■ Source information:
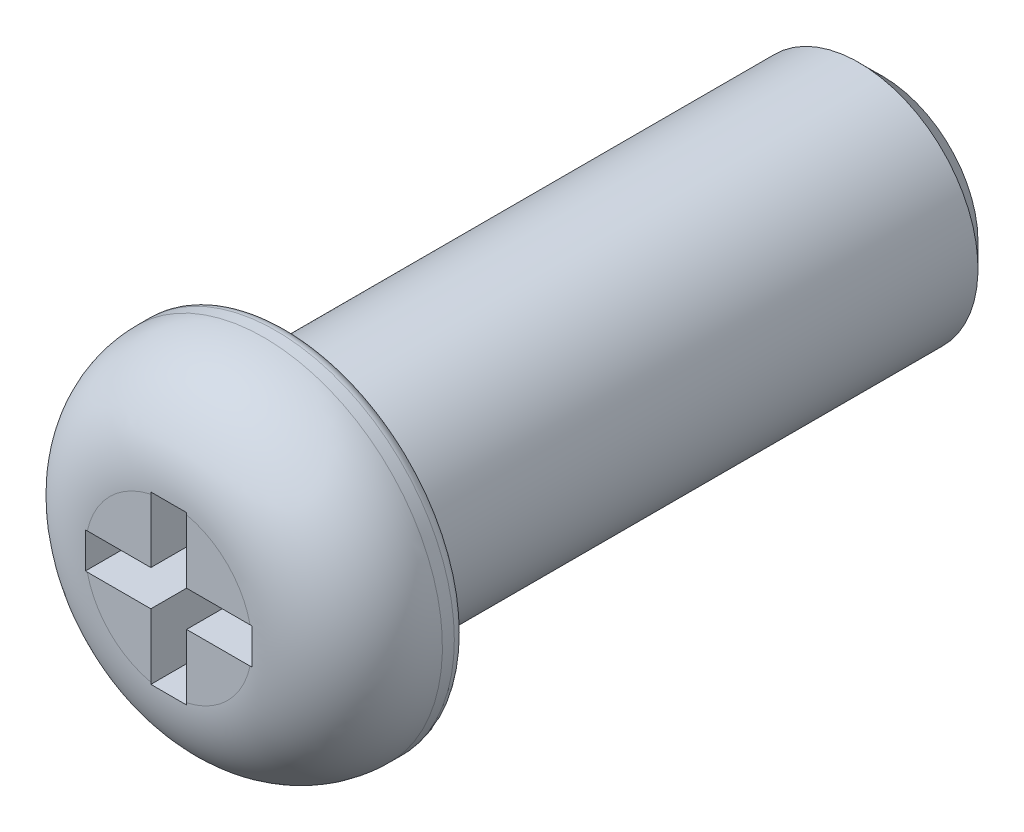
ISO-10303-21;
HEADER;
FILE_DESCRIPTION(('STEP AP214'),'2;1');
FILE_NAME('part.step','',(''),(''),'','','');
FILE_SCHEMA(('AUTOMOTIVE_DESIGN { 1 0 10303 214 1 1 1 1 }'));
ENDSEC;
DATA;
#1=APPLICATION_CONTEXT('core data for automotive mechanical design processes');
#2=APPLICATION_PROTOCOL_DEFINITION('international standard','automotive_design',2000,#1);
#3=PRODUCT_CONTEXT('',#1,'mechanical');
#4=PRODUCT('Part','Part','',(#3));
#5=PRODUCT_RELATED_PRODUCT_CATEGORY('part','',(#4));
#6=PRODUCT_DEFINITION_FORMATION('','',#4);
#7=PRODUCT_DEFINITION_CONTEXT('part definition',#1,'design');
#8=PRODUCT_DEFINITION('design','',#6,#7);
#9=PRODUCT_DEFINITION_SHAPE('','',#8);
#10=(LENGTH_UNIT() NAMED_UNIT(*) SI_UNIT(.MILLI.,.METRE.));
#11=(NAMED_UNIT(*) PLANE_ANGLE_UNIT() SI_UNIT($,.RADIAN.));
#12=(NAMED_UNIT(*) SI_UNIT($,.STERADIAN.) SOLID_ANGLE_UNIT());
#13=UNCERTAINTY_MEASURE_WITH_UNIT(LENGTH_MEASURE(1.E-05),#10,'distance_accuracy_value','');
#14=(GEOMETRIC_REPRESENTATION_CONTEXT(3) GLOBAL_UNCERTAINTY_ASSIGNED_CONTEXT((#13)) GLOBAL_UNIT_ASSIGNED_CONTEXT((#10,
#11,#12)) REPRESENTATION_CONTEXT('',''));
#15=CARTESIAN_POINT('',(0.,0.,0.));
#16=DIRECTION('',(0.,0.,1.));
#17=DIRECTION('',(1.,0.,0.));
#18=AXIS2_PLACEMENT_3D('',#15,#16,#17);
#19=CARTESIAN_POINT('',(0.,0.,5.2));
#20=DIRECTION('',(0.,0.,1.));
#21=DIRECTION('',(1.,0.,0.));
#22=AXIS2_PLACEMENT_3D('',#19,#20,#21);
#23=PLANE('',#22);
#24=DIRECTION('',(0.,-1.,0.));
#25=VECTOR('',#24,1.);
#26=CARTESIAN_POINT('',(0.15,0.,5.2));
#27=LINE('',#26,#25);
#28=CARTESIAN_POINT('',(0.15,0.7,5.2));
#29=VERTEX_POINT('',#28);
#30=CARTESIAN_POINT('',(0.15,0.15,5.2));
#31=VERTEX_POINT('',#30);
#32=EDGE_CURVE('E452',#29,#31,#27,.T.);
#33=ORIENTED_EDGE('',*,*,#32,.F.);
#34=DIRECTION('',(1.,0.,0.));
#35=VECTOR('',#34,1.);
#36=CARTESIAN_POINT('',(0.,0.7,5.2));
#37=LINE('',#36,#35);
#38=CARTESIAN_POINT('',(-0.15,0.7,5.2));
#39=VERTEX_POINT('',#38);
#40=EDGE_CURVE('E146',#39,#29,#37,.T.);
#41=ORIENTED_EDGE('',*,*,#40,.F.);
#42=DIRECTION('',(0.,-1.,0.));
#43=VECTOR('',#42,1.);
#44=CARTESIAN_POINT('',(-0.15,0.,5.2));
#45=LINE('',#44,#43);
#46=CARTESIAN_POINT('',(-0.15,0.15,5.2));
#47=VERTEX_POINT('',#46);
#48=EDGE_CURVE('E143',#39,#47,#45,.T.);
#49=ORIENTED_EDGE('',*,*,#48,.T.);
#50=DIRECTION('',(1.,0.,0.));
#51=VECTOR('',#50,1.);
#52=CARTESIAN_POINT('',(0.,0.15,5.2));
#53=LINE('',#52,#51);
#54=CARTESIAN_POINT('',(-0.7,0.15,5.2));
#55=VERTEX_POINT('',#54);
#56=EDGE_CURVE('E736',#55,#47,#53,.T.);
#57=ORIENTED_EDGE('',*,*,#56,.F.);
#58=DIRECTION('',(0.,1.,0.));
#59=VECTOR('',#58,1.);
#60=CARTESIAN_POINT('',(-0.7,0.,5.2));
#61=LINE('',#60,#59);
#62=CARTESIAN_POINT('',(-0.7,-0.15,5.2));
#63=VERTEX_POINT('',#62);
#64=EDGE_CURVE('E201',#55,#63,#61,.F.);
#65=ORIENTED_EDGE('',*,*,#64,.T.);
#66=DIRECTION('',(1.,0.,0.));
#67=VECTOR('',#66,1.);
#68=CARTESIAN_POINT('',(0.,-0.15,5.2));
#69=LINE('',#68,#67);
#70=CARTESIAN_POINT('',(-0.15,-0.15,5.2));
#71=VERTEX_POINT('',#70);
#72=EDGE_CURVE('E501',#63,#71,#69,.T.);
#73=ORIENTED_EDGE('',*,*,#72,.T.);
#74=DIRECTION('',(0.,-1.,0.));
#75=VECTOR('',#74,1.);
#76=CARTESIAN_POINT('',(-0.15,0.,5.2));
#77=LINE('',#76,#75);
#78=CARTESIAN_POINT('',(-0.15,-0.7,5.2));
#79=VERTEX_POINT('',#78);
#80=EDGE_CURVE('E503',#71,#79,#77,.T.);
#81=ORIENTED_EDGE('',*,*,#80,.T.);
#82=DIRECTION('',(1.,0.,0.));
#83=VECTOR('',#82,1.);
#84=CARTESIAN_POINT('',(0.,-0.7,5.2));
#85=LINE('',#84,#83);
#86=CARTESIAN_POINT('',(0.15,-0.7,5.2));
#87=VERTEX_POINT('',#86);
#88=EDGE_CURVE('E516',#79,#87,#85,.T.);
#89=ORIENTED_EDGE('',*,*,#88,.T.);
#90=DIRECTION('',(0.,-1.,0.));
#91=VECTOR('',#90,1.);
#92=CARTESIAN_POINT('',(0.15,0.,5.2));
#93=LINE('',#92,#91);
#94=CARTESIAN_POINT('',(0.15,-0.15,5.2));
#95=VERTEX_POINT('',#94);
#96=EDGE_CURVE('E524',#95,#87,#93,.T.);
#97=ORIENTED_EDGE('',*,*,#96,.F.);
#98=DIRECTION('',(1.,0.,0.));
#99=VECTOR('',#98,1.);
#100=CARTESIAN_POINT('',(0.,-0.15,5.2));
#101=LINE('',#100,#99);
#102=CARTESIAN_POINT('',(0.7,-0.15,5.2));
#103=VERTEX_POINT('',#102);
#104=EDGE_CURVE('E310',#95,#103,#101,.T.);
#105=ORIENTED_EDGE('',*,*,#104,.T.);
#106=DIRECTION('',(0.,1.,0.));
#107=VECTOR('',#106,1.);
#108=CARTESIAN_POINT('',(0.7,0.,5.2));
#109=LINE('',#108,#107);
#110=CARTESIAN_POINT('',(0.7,0.15,5.2));
#111=VERTEX_POINT('',#110);
#112=EDGE_CURVE('E316',#111,#103,#109,.F.);
#113=ORIENTED_EDGE('',*,*,#112,.F.);
#114=DIRECTION('',(1.,0.,0.));
#115=VECTOR('',#114,1.);
#116=CARTESIAN_POINT('',(0.,0.15,5.2));
#117=LINE('',#116,#115);
#118=EDGE_CURVE('E317',#31,#111,#117,.T.);
#119=ORIENTED_EDGE('',*,*,#118,.F.);
#120=EDGE_LOOP('',(#33,#41,#49,#57,#65,#73,#81,#89,#97,#105,#113,#119));
#121=FACE_BOUND('',#120,.T.);
#122=ADVANCED_FACE('F17',(#121),#23,.T.);
#123=CARTESIAN_POINT('',(0.,0.15,5.2));
#124=DIRECTION('',(0.,-1.,0.));
#125=DIRECTION('',(0.,0.,-1.));
#126=AXIS2_PLACEMENT_3D('',#123,#124,#125);
#127=PLANE('',#126);
#128=ORIENTED_EDGE('',*,*,#56,.T.);
#129=DIRECTION('',(0.,0.,1.));
#130=VECTOR('',#129,1.);
#131=CARTESIAN_POINT('',(-0.15,0.15,5.2));
#132=LINE('',#131,#130);
#133=CARTESIAN_POINT('',(-0.15,0.15,6.));
#134=VERTEX_POINT('',#133);
#135=EDGE_CURVE('E467',#47,#134,#132,.T.);
#136=ORIENTED_EDGE('',*,*,#135,.T.);
#137=DIRECTION('',(1.,0.,0.));
#138=VECTOR('',#137,1.);
#139=CARTESIAN_POINT('',(0.,0.15,6.));
#140=LINE('',#139,#138);
#141=CARTESIAN_POINT('',(-0.683739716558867,0.15,6.));
#142=VERTEX_POINT('',#141);
#143=EDGE_CURVE('E468',#142,#134,#140,.T.);
#144=ORIENTED_EDGE('',*,*,#143,.F.);
#145=CARTESIAN_POINT('',(-0.7,0.15,5.99984215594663));
#146=CARTESIAN_POINT('',(-0.697290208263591,0.15,5.99989478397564));
#147=CARTESIAN_POINT('',(-0.694580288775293,0.15,5.99993425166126));
#148=CARTESIAN_POINT('',(-0.689160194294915,0.15,5.99998686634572));
#149=CARTESIAN_POINT('',(-0.686450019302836,0.15,6.00000001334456));
#150=CARTESIAN_POINT('',(-0.683739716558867,0.15,6.));
#151=B_SPLINE_CURVE_WITH_KNOTS('',3,(#145,#146,#147,#148,#149,#150),.UNSPECIFIED.,.F.,.F.,(4,2,
4),(0.,0.00813062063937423,0.0162612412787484),.UNSPECIFIED.);
#152=CARTESIAN_POINT('',(-0.7,0.15,5.99984215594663));
#153=VERTEX_POINT('',#152);
#154=EDGE_CURVE('E166',#153,#142,#151,.T.);
#155=ORIENTED_EDGE('',*,*,#154,.F.);
#156=DIRECTION('',(0.,0.,1.));
#157=VECTOR('',#156,1.);
#158=CARTESIAN_POINT('',(-0.7,0.15,5.2));
#159=LINE('',#158,#157);
#160=EDGE_CURVE('E200',#153,#55,#159,.F.);
#161=ORIENTED_EDGE('',*,*,#160,.T.);
#162=EDGE_LOOP('',(#128,#136,#144,#155,#161));
#163=FACE_BOUND('',#162,.T.);
#164=ADVANCED_FACE('F691',(#163),#127,.T.);
#165=CARTESIAN_POINT('',(0.,0.,6.));
#166=DIRECTION('',(0.,0.,1.));
#167=DIRECTION('',(1.,0.,0.));
#168=AXIS2_PLACEMENT_3D('',#165,#166,#167);
#169=PLANE('',#168);
#170=CARTESIAN_POINT('',(0.,0.,6.));
#171=DIRECTION('',(0.,0.,-1.));
#172=DIRECTION('',(-0.976771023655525,0.214285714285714,0.));
#173=AXIS2_PLACEMENT_3D('',#170,#171,#172);
#174=CIRCLE('',#173,0.7);
#175=CARTESIAN_POINT('',(-0.15,0.683739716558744,6.));
#176=VERTEX_POINT('',#175);
#177=EDGE_CURVE('E163',#142,#176,#174,.T.);
#178=ORIENTED_EDGE('',*,*,#177,.F.);
#179=ORIENTED_EDGE('',*,*,#143,.T.);
#180=DIRECTION('',(0.,-1.,0.));
#181=VECTOR('',#180,1.);
#182=CARTESIAN_POINT('',(-0.15,0.,6.));
#183=LINE('',#182,#181);
#184=EDGE_CURVE('E147',#134,#176,#183,.F.);
#185=ORIENTED_EDGE('',*,*,#184,.T.);
#186=EDGE_LOOP('',(#178,#179,#185));
#187=FACE_BOUND('',#186,.T.);
#188=ADVANCED_FACE('F684',(#187),#169,.T.);
#189=CARTESIAN_POINT('',(-0.15,0.,5.2));
#190=DIRECTION('',(-1.,0.,0.));
#191=DIRECTION('',(0.,-1.,0.));
#192=AXIS2_PLACEMENT_3D('',#189,#190,#191);
#193=PLANE('',#192);
#194=CARTESIAN_POINT('',(-0.15,0.683739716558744,6.));
#195=CARTESIAN_POINT('',(-0.15,0.686450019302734,6.00000001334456));
#196=CARTESIAN_POINT('',(-0.15,0.689160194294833,5.99998686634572));
#197=CARTESIAN_POINT('',(-0.15,0.694580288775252,5.99993425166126));
#198=CARTESIAN_POINT('',(-0.15,0.697290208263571,5.99989478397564));
#199=CARTESIAN_POINT('',(-0.150000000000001,0.7,5.99984215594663));
#200=B_SPLINE_CURVE_WITH_KNOTS('',3,(#194,#195,#196,#197,#198,#199),.UNSPECIFIED.,.F.,.F.,(4,2,
4),(0.,0.00813062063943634,0.0162612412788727),.UNSPECIFIED.);
#201=CARTESIAN_POINT('',(-0.15,0.7,5.99984215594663));
#202=VERTEX_POINT('',#201);
#203=EDGE_CURVE('E140',#176,#202,#200,.T.);
#204=ORIENTED_EDGE('',*,*,#203,.F.);
#205=ORIENTED_EDGE('',*,*,#184,.F.);
#206=ORIENTED_EDGE('',*,*,#135,.F.);
#207=ORIENTED_EDGE('',*,*,#48,.F.);
#208=DIRECTION('',(0.,0.,-1.));
#209=VECTOR('',#208,1.);
#210=CARTESIAN_POINT('',(-0.15,0.7,5.2));
#211=LINE('',#210,#209);
#212=EDGE_CURVE('E135',#202,#39,#211,.T.);
#213=ORIENTED_EDGE('',*,*,#212,.F.);
#214=EDGE_LOOP('',(#204,#205,#206,#207,#213));
#215=FACE_BOUND('',#214,.T.);
#216=ADVANCED_FACE('F137',(#215),#193,.F.);
#217=CARTESIAN_POINT('',(0.,0.7,5.2));
#218=DIRECTION('',(0.,-1.,0.));
#219=DIRECTION('',(0.,0.,-1.));
#220=AXIS2_PLACEMENT_3D('',#217,#218,#219);
#221=PLANE('',#220);
#222=ORIENTED_EDGE('',*,*,#212,.T.);
#223=ORIENTED_EDGE('',*,*,#40,.T.);
#224=DIRECTION('',(0.,0.,1.));
#225=VECTOR('',#224,1.);
#226=CARTESIAN_POINT('',(0.15,0.7,5.2));
#227=LINE('',#226,#225);
#228=CARTESIAN_POINT('',(0.15,0.7,5.99984215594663));
#229=VERTEX_POINT('',#228);
#230=EDGE_CURVE('E153',#229,#29,#227,.F.);
#231=ORIENTED_EDGE('',*,*,#230,.F.);
#232=CARTESIAN_POINT('',(-0.15,0.700000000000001,5.99984215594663));
#233=CARTESIAN_POINT('',(-0.125000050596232,0.7,5.99993400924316));
#234=CARTESIAN_POINT('',(-0.100000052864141,0.7,5.99997347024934));
#235=CARTESIAN_POINT('',(-0.0500000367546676,0.7,6.00000646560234));
#236=CARTESIAN_POINT('',(-0.0250000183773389,0.7,6.));
#237=CARTESIAN_POINT('',(0.0250000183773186,0.7,6.));
#238=CARTESIAN_POINT('',(0.0500000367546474,0.7,6.00000646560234));
#239=CARTESIAN_POINT('',(0.100000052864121,0.7,5.99997347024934));
#240=CARTESIAN_POINT('',(0.125000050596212,0.7,5.99993400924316));
#241=CARTESIAN_POINT('',(0.14999999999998,0.7,5.99984215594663));
#242=B_SPLINE_CURVE_WITH_KNOTS('',3,(#232,#233,#234,#235,#236,#237,#238,#239,#240,#241),
.UNSPECIFIED.,.F.,.F.,(4,2,2,2,4),(0.,0.0750001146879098,0.15000014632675,0.22500017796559,
0.3000002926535),.UNSPECIFIED.);
#243=EDGE_CURVE('E150',#202,#229,#242,.T.);
#244=ORIENTED_EDGE('',*,*,#243,.F.);
#245=EDGE_LOOP('',(#222,#223,#231,#244));
#246=FACE_BOUND('',#245,.T.);
#247=ADVANCED_FACE('F151',(#246),#221,.T.);
#248=CARTESIAN_POINT('',(0.15,0.,5.2));
#249=DIRECTION('',(-1.,0.,0.));
#250=DIRECTION('',(0.,-1.,0.));
#251=AXIS2_PLACEMENT_3D('',#248,#249,#250);
#252=PLANE('',#251);
#253=ORIENTED_EDGE('',*,*,#32,.T.);
#254=DIRECTION('',(0.,0.,-1.));
#255=VECTOR('',#254,1.);
#256=CARTESIAN_POINT('',(0.15,0.15,5.2));
#257=LINE('',#256,#255);
#258=CARTESIAN_POINT('',(0.15,0.15,6.));
#259=VERTEX_POINT('',#258);
#260=EDGE_CURVE('E323',#259,#31,#257,.T.);
#261=ORIENTED_EDGE('',*,*,#260,.F.);
#262=DIRECTION('',(0.,1.,0.));
#263=VECTOR('',#262,1.);
#264=CARTESIAN_POINT('',(0.15,0.,6.));
#265=LINE('',#264,#263);
#266=CARTESIAN_POINT('',(0.15,0.683739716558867,6.));
#267=VERTEX_POINT('',#266);
#268=EDGE_CURVE('E324',#267,#259,#265,.F.);
#269=ORIENTED_EDGE('',*,*,#268,.F.);
#270=CARTESIAN_POINT('',(0.15,0.7,5.99984215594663));
#271=CARTESIAN_POINT('',(0.15,0.697290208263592,5.99989478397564));
#272=CARTESIAN_POINT('',(0.15,0.694580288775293,5.99993425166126));
#273=CARTESIAN_POINT('',(0.15,0.689160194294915,5.99998686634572));
#274=CARTESIAN_POINT('',(0.15,0.686450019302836,6.00000001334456));
#275=CARTESIAN_POINT('',(0.15,0.683739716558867,6.));
#276=B_SPLINE_CURVE_WITH_KNOTS('',3,(#270,#271,#272,#273,#274,#275),.UNSPECIFIED.,.F.,.F.,(4,2,
4),(0.,0.00813062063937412,0.0162612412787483),.UNSPECIFIED.);
#277=EDGE_CURVE('E157',#229,#267,#276,.T.);
#278=ORIENTED_EDGE('',*,*,#277,.F.);
#279=ORIENTED_EDGE('',*,*,#230,.T.);
#280=EDGE_LOOP('',(#253,#261,#269,#278,#279));
#281=FACE_BOUND('',#280,.T.);
#282=ADVANCED_FACE('F348',(#281),#252,.T.);
#283=CARTESIAN_POINT('',(0.,0.,6.));
#284=DIRECTION('',(0.,0.,1.));
#285=DIRECTION('',(1.,0.,0.));
#286=AXIS2_PLACEMENT_3D('',#283,#284,#285);
#287=PLANE('',#286);
#288=CARTESIAN_POINT('',(0.,0.,6.));
#289=DIRECTION('',(0.,0.,-1.));
#290=DIRECTION('',(0.214285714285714,0.976771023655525,0.));
#291=AXIS2_PLACEMENT_3D('',#288,#289,#290);
#292=CIRCLE('',#291,0.7);
#293=CARTESIAN_POINT('',(0.683739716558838,0.15,6.));
#294=VERTEX_POINT('',#293);
#295=EDGE_CURVE('E331',#267,#294,#292,.T.);
#296=ORIENTED_EDGE('',*,*,#295,.F.);
#297=ORIENTED_EDGE('',*,*,#268,.T.);
#298=DIRECTION('',(1.,0.,0.));
#299=VECTOR('',#298,1.);
#300=CARTESIAN_POINT('',(0.,0.15,6.));
#301=LINE('',#300,#299);
#302=EDGE_CURVE('E320',#294,#259,#301,.F.);
#303=ORIENTED_EDGE('',*,*,#302,.F.);
#304=EDGE_LOOP('',(#296,#297,#303));
#305=FACE_BOUND('',#304,.T.);
#306=ADVANCED_FACE('F337',(#305),#287,.T.);
#307=CARTESIAN_POINT('',(0.,0.15,5.2));
#308=DIRECTION('',(0.,-1.,0.));
#309=DIRECTION('',(0.,0.,-1.));
#310=AXIS2_PLACEMENT_3D('',#307,#308,#309);
#311=PLANE('',#310);
#312=ORIENTED_EDGE('',*,*,#260,.T.);
#313=ORIENTED_EDGE('',*,*,#118,.T.);
#314=DIRECTION('',(0.,0.,1.));
#315=VECTOR('',#314,1.);
#316=CARTESIAN_POINT('',(0.7,0.15,5.2));
#317=LINE('',#316,#315);
#318=CARTESIAN_POINT('',(0.700000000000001,0.15,5.99984215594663));
#319=VERTEX_POINT('',#318);
#320=EDGE_CURVE('E313',#319,#111,#317,.F.);
#321=ORIENTED_EDGE('',*,*,#320,.F.);
#322=CARTESIAN_POINT('',(0.683739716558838,0.15,6.));
#323=CARTESIAN_POINT('',(0.686450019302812,0.15,6.00000001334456));
#324=CARTESIAN_POINT('',(0.689160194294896,0.15,5.99998686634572));
#325=CARTESIAN_POINT('',(0.694580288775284,0.15,5.99993425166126));
#326=CARTESIAN_POINT('',(0.697290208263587,0.15,5.99989478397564));
#327=CARTESIAN_POINT('',(0.700000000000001,0.15,5.99984215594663));
#328=B_SPLINE_CURVE_WITH_KNOTS('',3,(#322,#323,#324,#325,#326,#327),.UNSPECIFIED.,.F.,.F.,(4,2,
4),(0.,0.00813062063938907,0.0162612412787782),.UNSPECIFIED.);
#329=EDGE_CURVE('E365',#294,#319,#328,.T.);
#330=ORIENTED_EDGE('',*,*,#329,.F.);
#331=ORIENTED_EDGE('',*,*,#302,.T.);
#332=EDGE_LOOP('',(#312,#313,#321,#330,#331));
#333=FACE_BOUND('',#332,.T.);
#334=ADVANCED_FACE('F347',(#333),#311,.T.);
#335=CARTESIAN_POINT('',(0.7,0.,5.2));
#336=DIRECTION('',(-1.,0.,0.));
#337=DIRECTION('',(0.,0.,1.));
#338=AXIS2_PLACEMENT_3D('',#335,#336,#337);
#339=PLANE('',#338);
#340=ORIENTED_EDGE('',*,*,#320,.T.);
#341=ORIENTED_EDGE('',*,*,#112,.T.);
#342=DIRECTION('',(0.,0.,-1.));
#343=VECTOR('',#342,1.);
#344=CARTESIAN_POINT('',(0.7,-0.15,5.2));
#345=LINE('',#344,#343);
#346=CARTESIAN_POINT('',(0.7,-0.15,5.99984215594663));
#347=VERTEX_POINT('',#346);
#348=EDGE_CURVE('E295',#103,#347,#345,.F.);
#349=ORIENTED_EDGE('',*,*,#348,.T.);
#350=CARTESIAN_POINT('',(0.700000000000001,0.15,5.99984215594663));
#351=CARTESIAN_POINT('',(0.7,0.12500005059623,5.99993400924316));
#352=CARTESIAN_POINT('',(0.7,0.100000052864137,5.99997347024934));
#353=CARTESIAN_POINT('',(0.7,0.0500000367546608,6.00000646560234));
#354=CARTESIAN_POINT('',(0.7,0.0250000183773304,6.));
#355=CARTESIAN_POINT('',(0.7,-0.0250000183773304,6.));
#356=CARTESIAN_POINT('',(0.7,-0.0500000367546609,6.00000646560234));
#357=CARTESIAN_POINT('',(0.7,-0.100000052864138,5.99997347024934));
#358=CARTESIAN_POINT('',(0.7,-0.12500005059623,5.99993400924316));
#359=CARTESIAN_POINT('',(0.700000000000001,-0.15,5.99984215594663));
#360=B_SPLINE_CURVE_WITH_KNOTS('',3,(#350,#351,#352,#353,#354,#355,#356,#357,#358,#359),
.UNSPECIFIED.,.F.,.F.,(4,2,2,2,4),(0.,0.0750001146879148,0.15000014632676,0.225000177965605,
0.30000029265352),.UNSPECIFIED.);
#361=EDGE_CURVE('E368',#319,#347,#360,.T.);
#362=ORIENTED_EDGE('',*,*,#361,.F.);
#363=EDGE_LOOP('',(#340,#341,#349,#362));
#364=FACE_BOUND('',#363,.T.);
#365=ADVANCED_FACE('F377',(#364),#339,.T.);
#366=CARTESIAN_POINT('',(0.,-0.15,5.2));
#367=DIRECTION('',(0.,-1.,0.));
#368=DIRECTION('',(0.,0.,-1.));
#369=AXIS2_PLACEMENT_3D('',#366,#367,#368);
#370=PLANE('',#369);
#371=CARTESIAN_POINT('',(0.700000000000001,-0.15,5.99984215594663));
#372=CARTESIAN_POINT('',(0.697290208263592,-0.15,5.99989478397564));
#373=CARTESIAN_POINT('',(0.694580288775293,-0.15,5.99993425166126));
#374=CARTESIAN_POINT('',(0.689160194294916,-0.15,5.99998686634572));
#375=CARTESIAN_POINT('',(0.686450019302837,-0.15,6.00000001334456));
#376=CARTESIAN_POINT('',(0.683739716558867,-0.15,6.));
#377=B_SPLINE_CURVE_WITH_KNOTS('',3,(#371,#372,#373,#374,#375,#376),.UNSPECIFIED.,.F.,.F.,(4,2,
4),(0.,0.00813062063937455,0.0162612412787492),.UNSPECIFIED.);
#378=CARTESIAN_POINT('',(0.683739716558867,-0.15,6.));
#379=VERTEX_POINT('',#378);
#380=EDGE_CURVE('E265',#347,#379,#377,.T.);
#381=ORIENTED_EDGE('',*,*,#380,.F.);
#382=ORIENTED_EDGE('',*,*,#348,.F.);
#383=ORIENTED_EDGE('',*,*,#104,.F.);
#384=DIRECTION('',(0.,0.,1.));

■ Work to complete:
Output the lines of the data exactly, starting at the first and ending with the line that has "#20=DIRECTION('',(0.,0.,1.));". Pictures are not part of it.

■ Your response:
ISO-10303-21;
HEADER;
FILE_DESCRIPTION(('STEP AP214'),'2;1');
FILE_NAME('part.step','',(''),(''),'','','');
FILE_SCHEMA(('AUTOMOTIVE_DESIGN { 1 0 10303 214 1 1 1 1 }'));
ENDSEC;
DATA;
#1=APPLICATION_CONTEXT('core data for automotive mechanical design processes');
#2=APPLICATION_PROTOCOL_DEFINITION('international standard','automotive_design',2000,#1);
#3=PRODUCT_CONTEXT('',#1,'mechanical');
#4=PRODUCT('Part','Part','',(#3));
#5=PRODUCT_RELATED_PRODUCT_CATEGORY('part','',(#4));
#6=PRODUCT_DEFINITION_FORMATION('','',#4);
#7=PRODUCT_DEFINITION_CONTEXT('part definition',#1,'design');
#8=PRODUCT_DEFINITION('design','',#6,#7);
#9=PRODUCT_DEFINITION_SHAPE('','',#8);
#10=(LENGTH_UNIT() NAMED_UNIT(*) SI_UNIT(.MILLI.,.METRE.));
#11=(NAMED_UNIT(*) PLANE_ANGLE_UNIT() SI_UNIT($,.RADIAN.));
#12=(NAMED_UNIT(*) SI_UNIT($,.STERADIAN.) SOLID_ANGLE_UNIT());
#13=UNCERTAINTY_MEASURE_WITH_UNIT(LENGTH_MEASURE(1.E-05),#10,'distance_accuracy_value','');
#14=(GEOMETRIC_REPRESENTATION_CONTEXT(3) GLOBAL_UNCERTAINTY_ASSIGNED_CONTEXT((#13)) GLOBAL_UNIT_ASSIGNED_CONTEXT((#10,
#11,#12)) REPRESENTATION_CONTEXT('',''));
#15=CARTESIAN_POINT('',(0.,0.,0.));
#16=DIRECTION('',(0.,0.,1.));
#17=DIRECTION('',(1.,0.,0.));
#18=AXIS2_PLACEMENT_3D('',#15,#16,#17);
#19=CARTESIAN_POINT('',(0.,0.,5.2));
#20=DIRECTION('',(0.,0.,1.));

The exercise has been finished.